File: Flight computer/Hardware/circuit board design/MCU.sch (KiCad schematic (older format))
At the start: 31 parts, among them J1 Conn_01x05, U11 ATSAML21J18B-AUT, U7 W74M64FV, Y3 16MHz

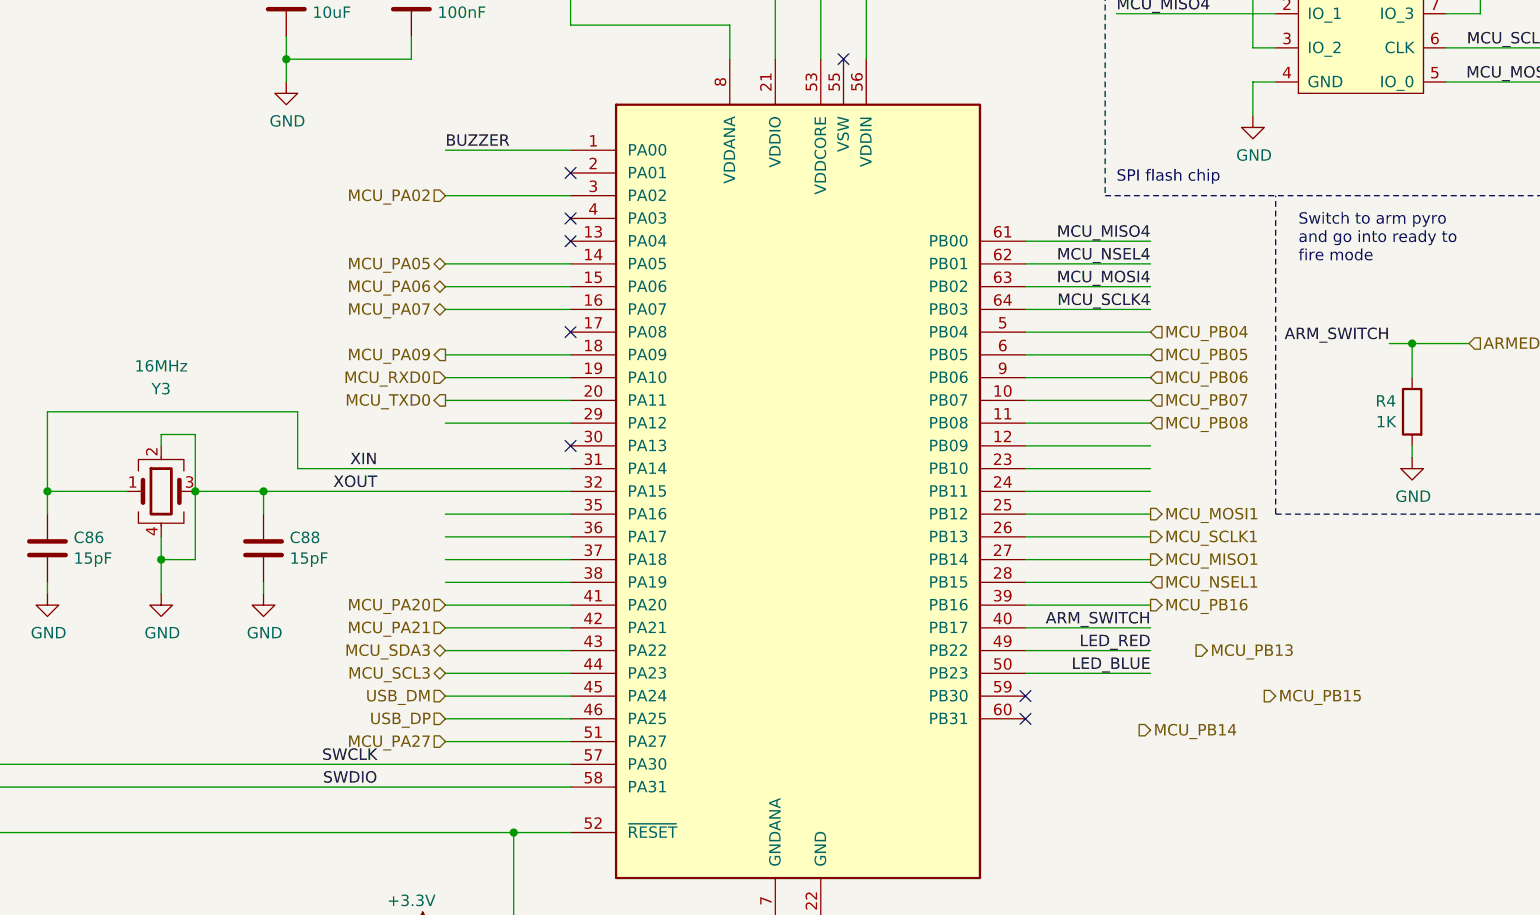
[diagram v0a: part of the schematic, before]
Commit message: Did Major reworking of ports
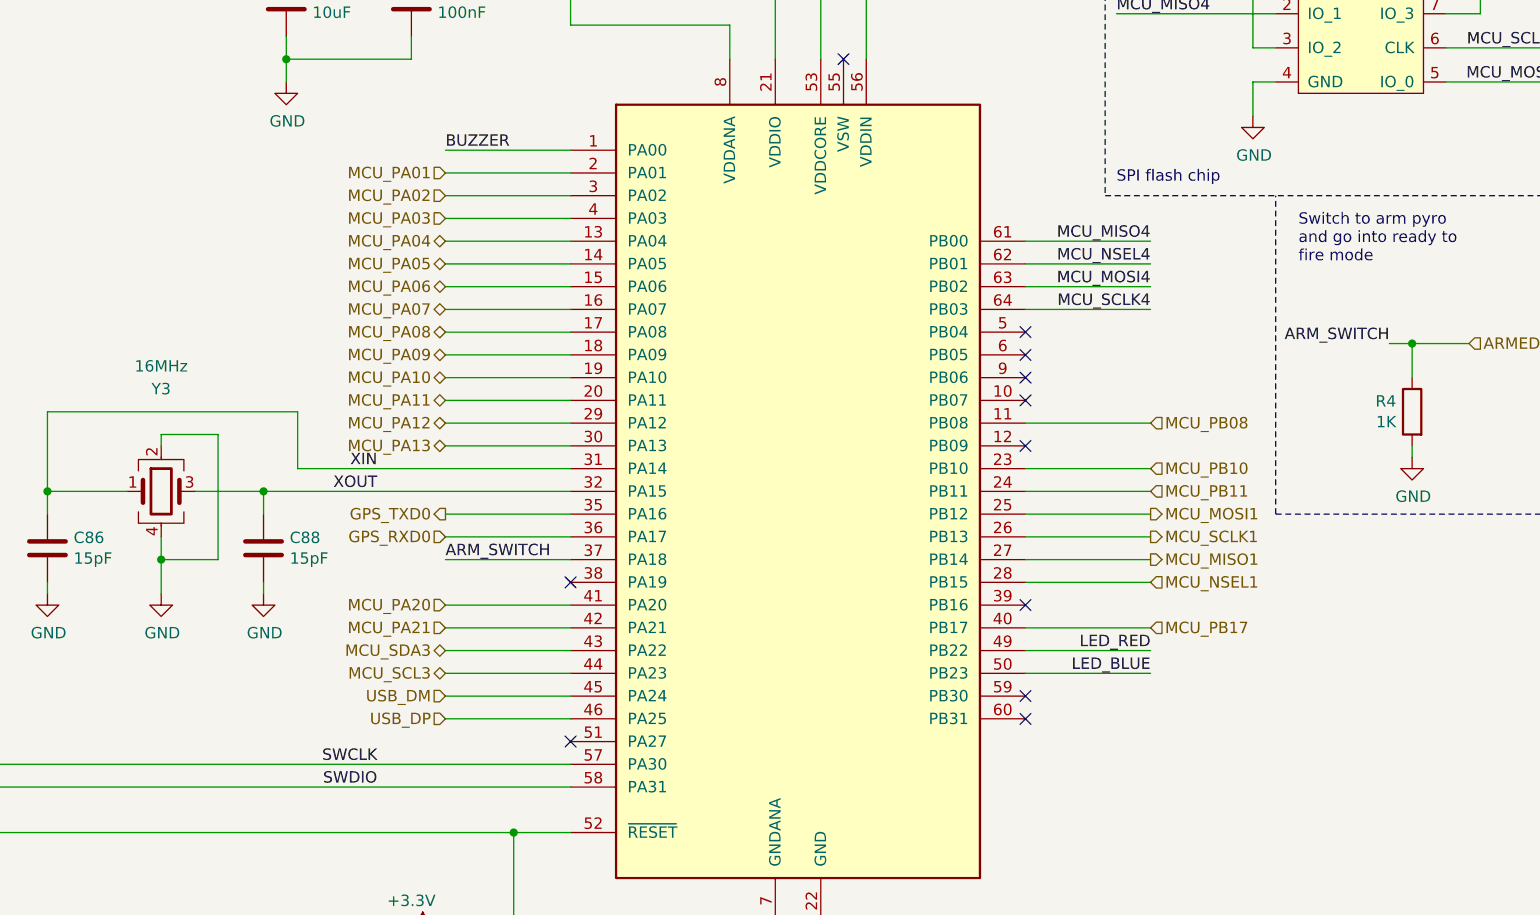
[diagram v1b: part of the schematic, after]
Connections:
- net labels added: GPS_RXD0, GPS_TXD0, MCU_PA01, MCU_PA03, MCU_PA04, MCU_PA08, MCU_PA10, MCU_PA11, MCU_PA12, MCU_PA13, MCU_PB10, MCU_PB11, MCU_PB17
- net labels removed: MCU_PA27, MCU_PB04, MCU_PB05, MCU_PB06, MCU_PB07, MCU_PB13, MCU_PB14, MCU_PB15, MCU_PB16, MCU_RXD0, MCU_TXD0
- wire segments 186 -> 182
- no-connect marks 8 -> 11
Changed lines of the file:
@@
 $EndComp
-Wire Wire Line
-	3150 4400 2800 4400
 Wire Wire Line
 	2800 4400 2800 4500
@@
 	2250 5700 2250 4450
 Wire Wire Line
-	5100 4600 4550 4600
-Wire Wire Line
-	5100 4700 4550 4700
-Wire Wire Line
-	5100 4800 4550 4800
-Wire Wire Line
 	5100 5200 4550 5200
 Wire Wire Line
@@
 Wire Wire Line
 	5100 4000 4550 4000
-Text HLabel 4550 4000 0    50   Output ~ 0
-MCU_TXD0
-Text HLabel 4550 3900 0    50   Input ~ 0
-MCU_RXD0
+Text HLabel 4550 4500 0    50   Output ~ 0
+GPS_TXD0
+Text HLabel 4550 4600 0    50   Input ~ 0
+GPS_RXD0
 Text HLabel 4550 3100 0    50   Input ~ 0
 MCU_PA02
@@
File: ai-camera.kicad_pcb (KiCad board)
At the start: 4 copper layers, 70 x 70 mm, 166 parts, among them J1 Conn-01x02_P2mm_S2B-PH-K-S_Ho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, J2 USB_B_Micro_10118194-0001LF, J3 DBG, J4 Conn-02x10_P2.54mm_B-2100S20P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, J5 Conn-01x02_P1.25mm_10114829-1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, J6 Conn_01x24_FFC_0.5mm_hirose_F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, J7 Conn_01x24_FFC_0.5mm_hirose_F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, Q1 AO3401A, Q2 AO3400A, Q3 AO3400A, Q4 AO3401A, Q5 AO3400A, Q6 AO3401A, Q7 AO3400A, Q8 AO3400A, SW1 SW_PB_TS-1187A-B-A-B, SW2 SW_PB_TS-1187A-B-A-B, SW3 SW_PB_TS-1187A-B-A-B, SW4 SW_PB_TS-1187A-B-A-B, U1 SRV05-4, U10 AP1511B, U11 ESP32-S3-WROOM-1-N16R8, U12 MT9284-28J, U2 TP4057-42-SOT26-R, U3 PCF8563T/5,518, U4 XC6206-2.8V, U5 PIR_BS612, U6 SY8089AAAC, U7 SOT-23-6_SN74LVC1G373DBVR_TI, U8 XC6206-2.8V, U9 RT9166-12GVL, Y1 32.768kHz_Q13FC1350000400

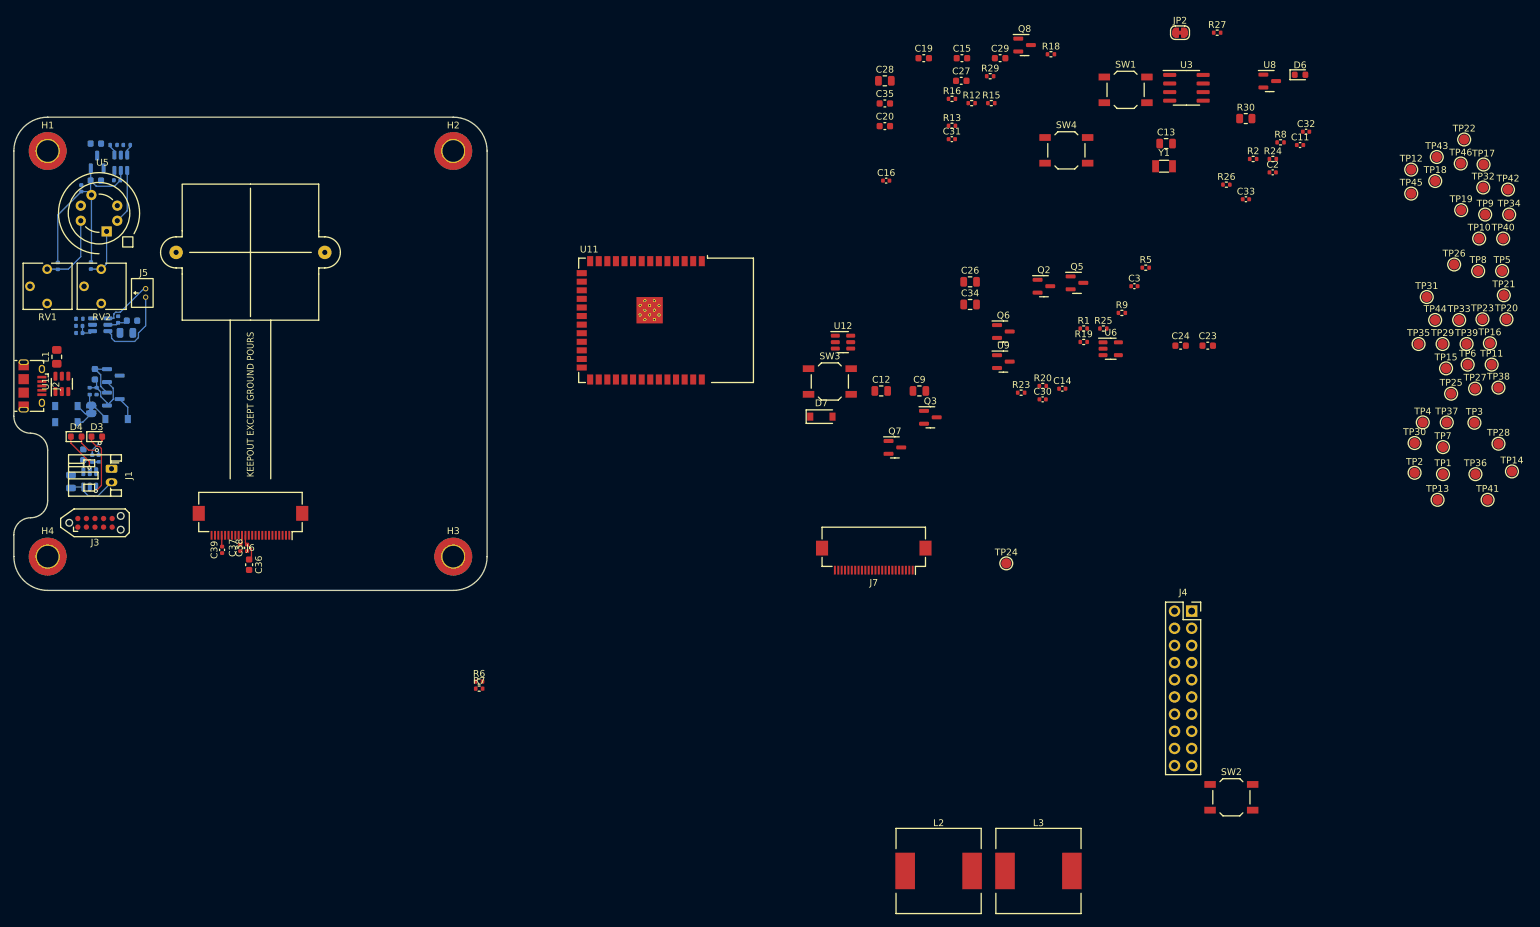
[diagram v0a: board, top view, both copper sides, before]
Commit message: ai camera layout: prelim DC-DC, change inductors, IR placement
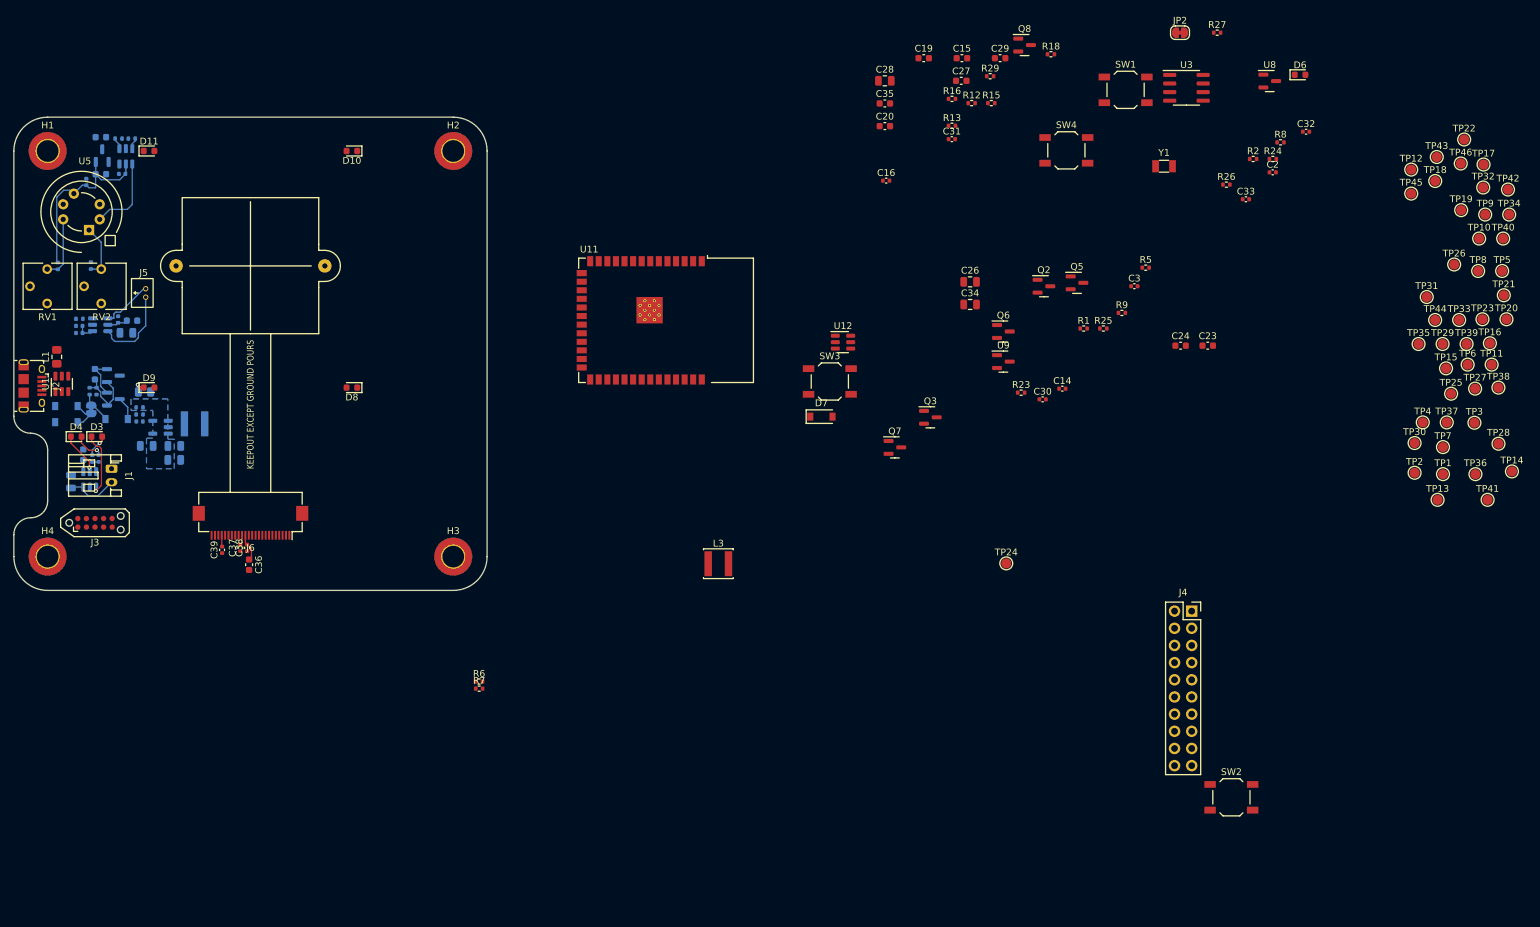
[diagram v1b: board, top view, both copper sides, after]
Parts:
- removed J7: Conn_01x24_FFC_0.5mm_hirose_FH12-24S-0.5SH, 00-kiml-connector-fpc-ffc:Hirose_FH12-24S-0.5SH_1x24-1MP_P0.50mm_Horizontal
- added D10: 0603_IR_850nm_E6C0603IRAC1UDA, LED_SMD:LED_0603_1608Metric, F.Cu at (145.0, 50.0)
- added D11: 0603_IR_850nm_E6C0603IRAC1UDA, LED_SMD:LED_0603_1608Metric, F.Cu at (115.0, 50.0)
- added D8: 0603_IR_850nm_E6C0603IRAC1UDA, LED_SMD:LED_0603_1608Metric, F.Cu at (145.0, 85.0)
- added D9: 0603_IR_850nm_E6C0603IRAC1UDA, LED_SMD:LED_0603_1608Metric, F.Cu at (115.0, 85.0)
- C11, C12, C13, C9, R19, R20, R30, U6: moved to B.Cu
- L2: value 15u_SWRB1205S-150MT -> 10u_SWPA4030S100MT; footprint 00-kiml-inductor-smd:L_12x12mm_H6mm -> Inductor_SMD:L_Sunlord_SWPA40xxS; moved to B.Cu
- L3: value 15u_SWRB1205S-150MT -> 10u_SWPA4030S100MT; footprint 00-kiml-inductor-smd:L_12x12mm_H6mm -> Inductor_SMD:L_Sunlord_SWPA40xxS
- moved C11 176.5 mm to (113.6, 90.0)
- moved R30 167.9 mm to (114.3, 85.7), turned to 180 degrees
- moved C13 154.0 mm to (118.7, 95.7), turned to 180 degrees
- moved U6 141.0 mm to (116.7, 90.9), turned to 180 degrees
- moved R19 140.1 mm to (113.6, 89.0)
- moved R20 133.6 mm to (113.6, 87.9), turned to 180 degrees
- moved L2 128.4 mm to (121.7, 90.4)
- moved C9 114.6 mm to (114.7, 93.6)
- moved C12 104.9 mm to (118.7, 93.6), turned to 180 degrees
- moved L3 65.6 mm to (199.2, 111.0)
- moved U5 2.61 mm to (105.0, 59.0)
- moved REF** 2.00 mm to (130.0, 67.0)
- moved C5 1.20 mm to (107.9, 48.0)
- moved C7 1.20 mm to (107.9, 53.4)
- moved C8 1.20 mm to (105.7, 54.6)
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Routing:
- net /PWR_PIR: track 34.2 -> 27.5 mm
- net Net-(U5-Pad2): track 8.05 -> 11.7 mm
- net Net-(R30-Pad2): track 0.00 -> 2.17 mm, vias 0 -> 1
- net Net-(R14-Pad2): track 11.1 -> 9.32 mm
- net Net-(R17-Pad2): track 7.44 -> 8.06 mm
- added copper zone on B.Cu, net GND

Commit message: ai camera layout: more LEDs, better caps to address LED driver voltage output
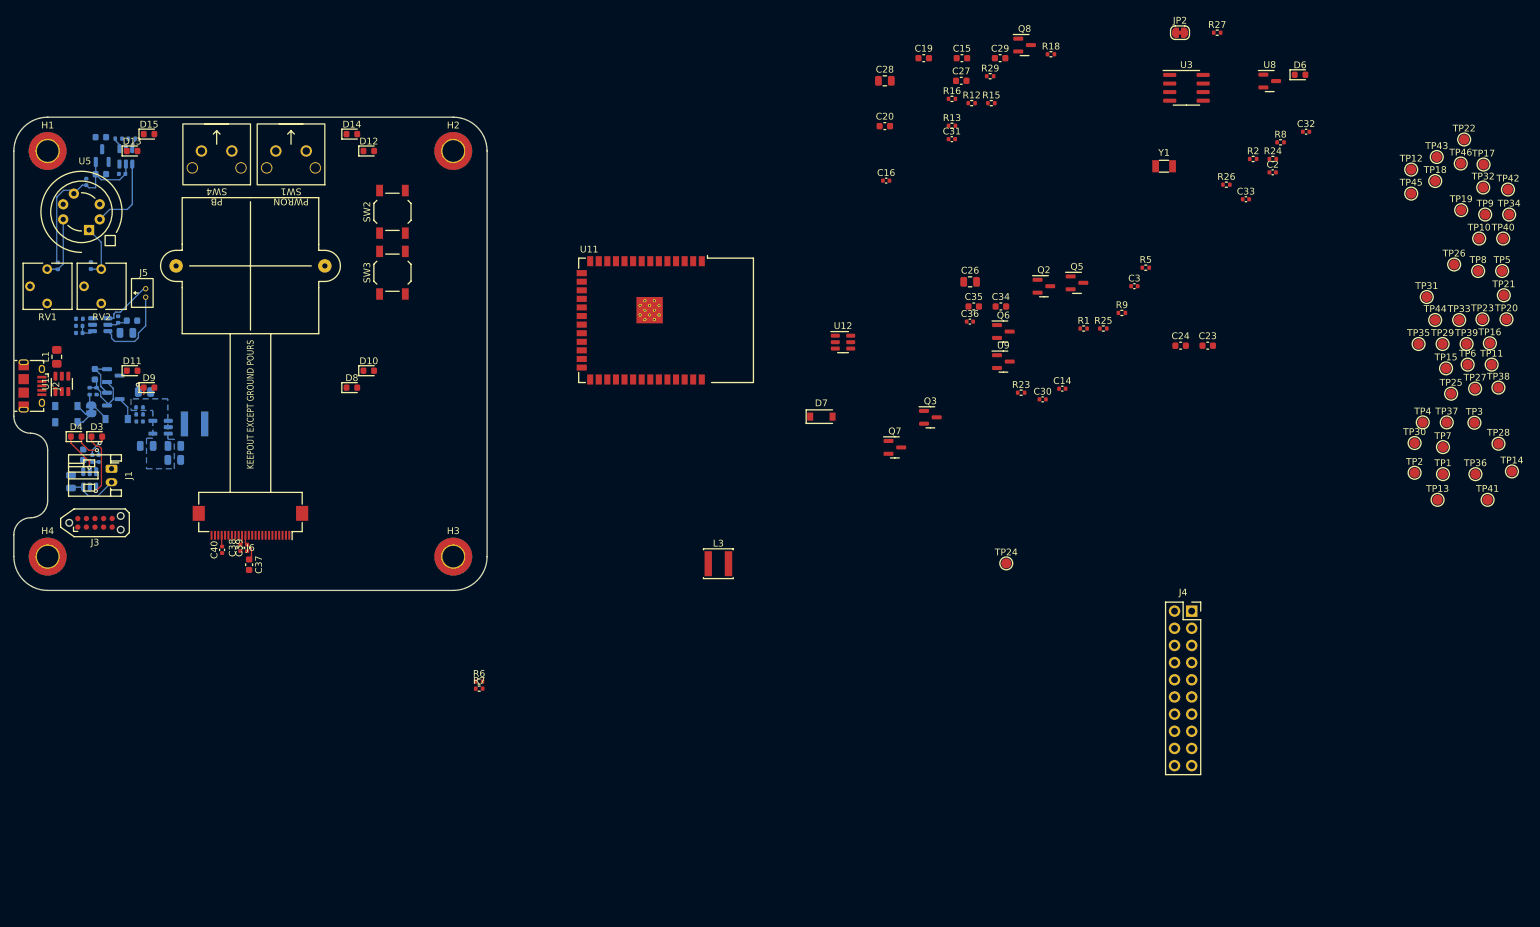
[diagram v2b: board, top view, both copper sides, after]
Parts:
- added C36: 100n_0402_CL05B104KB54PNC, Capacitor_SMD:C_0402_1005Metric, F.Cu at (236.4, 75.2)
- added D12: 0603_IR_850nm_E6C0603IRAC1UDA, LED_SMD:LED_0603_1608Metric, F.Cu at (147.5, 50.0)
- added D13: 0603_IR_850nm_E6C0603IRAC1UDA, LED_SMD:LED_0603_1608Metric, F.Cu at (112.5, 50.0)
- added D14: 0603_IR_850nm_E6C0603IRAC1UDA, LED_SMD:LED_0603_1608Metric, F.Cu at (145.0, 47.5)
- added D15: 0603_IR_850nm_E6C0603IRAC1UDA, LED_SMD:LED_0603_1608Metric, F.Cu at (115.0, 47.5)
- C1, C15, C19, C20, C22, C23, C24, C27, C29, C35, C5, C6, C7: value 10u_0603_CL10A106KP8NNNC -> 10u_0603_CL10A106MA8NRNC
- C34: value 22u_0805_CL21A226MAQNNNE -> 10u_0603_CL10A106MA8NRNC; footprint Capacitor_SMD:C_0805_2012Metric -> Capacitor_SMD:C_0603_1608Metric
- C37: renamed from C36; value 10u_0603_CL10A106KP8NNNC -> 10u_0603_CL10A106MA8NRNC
━━━━━━━━━━━━━━━━━━━━
Lines wanted from the listing above: the line with "- wire segments 186 -> 182" up to and including the line with "File: ai-camera.kicad_pcb (KiCad board)". Please write them out exactly, adding nothing else.

[Solution for this task]
- wire segments 186 -> 182
- no-connect marks 8 -> 11
Changed lines of the file:
@@
 $EndComp
-Wire Wire Line
-	3150 4400 2800 4400
 Wire Wire Line
 	2800 4400 2800 4500
@@
 	2250 5700 2250 4450
 Wire Wire Line
-	5100 4600 4550 4600
-Wire Wire Line
-	5100 4700 4550 4700
-Wire Wire Line
-	5100 4800 4550 4800
-Wire Wire Line
 	5100 5200 4550 5200
 Wire Wire Line
@@
 Wire Wire Line
 	5100 4000 4550 4000
-Text HLabel 4550 4000 0    50   Output ~ 0
-MCU_TXD0
-Text HLabel 4550 3900 0    50   Input ~ 0
-MCU_RXD0
+Text HLabel 4550 4500 0    50   Output ~ 0
+GPS_TXD0
+Text HLabel 4550 4600 0    50   Input ~ 0
+GPS_RXD0
 Text HLabel 4550 3100 0    50   Input ~ 0
 MCU_PA02
@@
File: ai-camera.kicad_pcb (KiCad board)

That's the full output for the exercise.